Property

Fix mortgages now: Westpac

Westpac chief economist Dominick Stephens says there are only “limited downsides” to fixing a mortgage now.

Monday, June 25th 2012

Westpac has advised that now is the time to fix – after months of saying floating was the better option.

Stephens said there were several reasons for the bank’s belief that now was the time to fix. “We’ve got through the Greek election without Eurogeddon, the retail mortgage rates have fallen and the wholesale rates have risen.”

He said the balance of risks favoured fixing as a way to cut the lifetime interest rate cost of a mortgage.

Stephens said one- to three-year terms were particularly attractive.  “Fixed rates are lower than floating in some cases. You can knock down your principal much faster on a fixed rate.”

ANZ agreed now was a good time to switch to a one-year mortgage rate.

Its latest Property Focus report said there was a strong case for having at least part of a mortgage on a one-year fixed rate.  "Clearly there are savings to be had if one elects to fix... If like us, you believe the OCR is unlikely to be cut, the it would pay to consider doing so."

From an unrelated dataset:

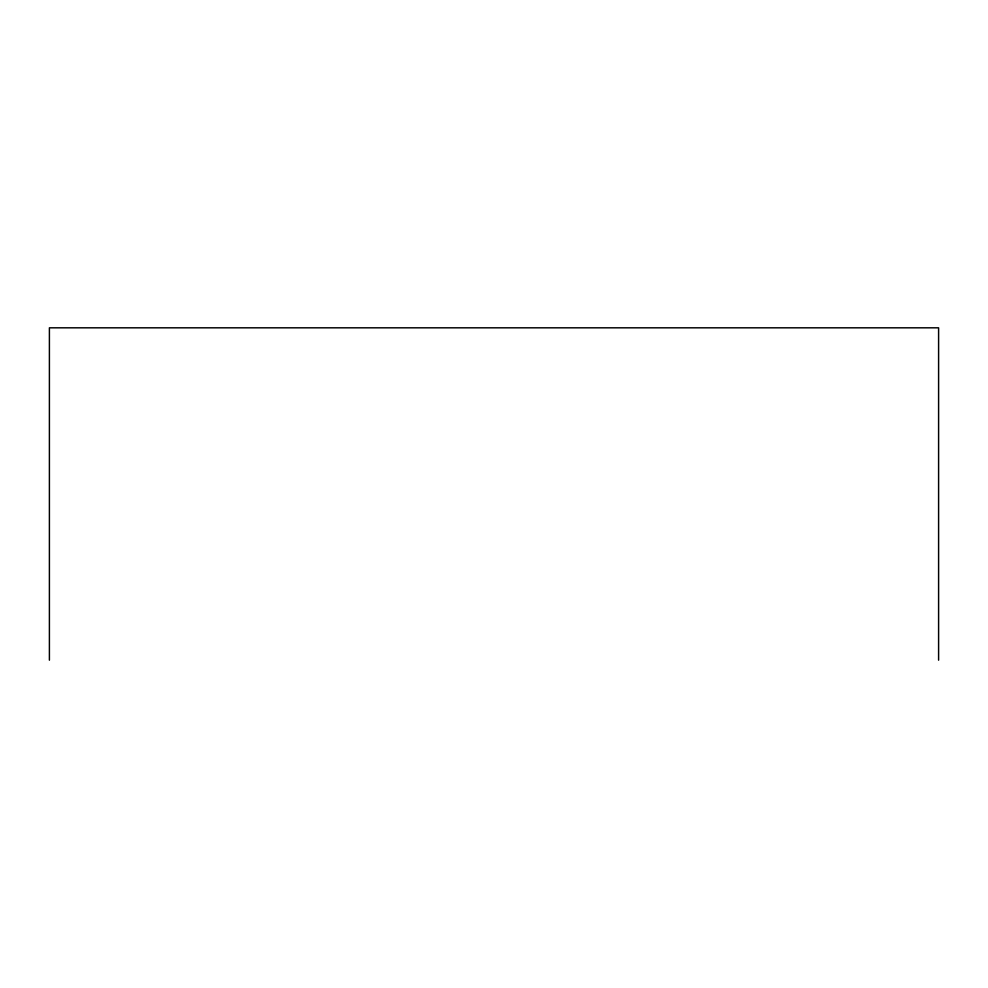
<?xml version="1.0" encoding="UTF-8"?>
<svg xmlns="http://www.w3.org/2000/svg" width="988" height="988" viewBox="0 0 988 988"><rect width="100%" height="100%" fill="white"/><g stroke="black" fill="none" stroke-linecap="round" stroke-linejoin="round"><path stroke-width="1.48" d="M938.6 660.182L938.6 327.818L49.4 327.818L49.4 660.182"/></g></svg>

ANZ said borrowers would be better off fixing today for two years at 5.49% than fixing for one year at 5.35% if the one-year rate in a year's time ended up being above 5.73%. "The question you have to ask if how likely is it that the one-year rate will be above 5.73% in a year's time without a big jump in the OCR? We think it rather unlikely."

ANZ chief economist Cameron Bagrie said 10% interest rates were likely a thing of the past.

The report said the OCR was likely to peak at lower rates in future. "Of all the theses we have developed since the GFC, one of the strongest is that the interest rate cycle will be more muted going forward and the OCR will peak at a much lower level than it has in the past."

It said there was a partnership emerging between the Reserve Bank and the country's borrowers. "The more people stay on floating, the more impact OCR increases will have and the less active the RBNZ needs to be."

Bagrie said when interest rates started to rise again, they would drift up rather than skyrocket. The OCR is widely tipped to stay at its current levels at least until next year.

"It's a completely different kettle of fish looking forward than what we've been used to for the past 10 years."

The ANZ report suggested splitting home loans between fixed and floating terms. 

A possible driver for another cut in the OCR is tumoil in Europe. But both ANZ and Westpac said that would not necessarily translate into cheaper borrowing.

"It is worth noting that even if things did get really ugly in Europe and the RBNZ did cut rates, we may not necessarily see mortgage rates fall, as this would also likely beaccompanied by a substantial rise in bank funding costs as markets seize up."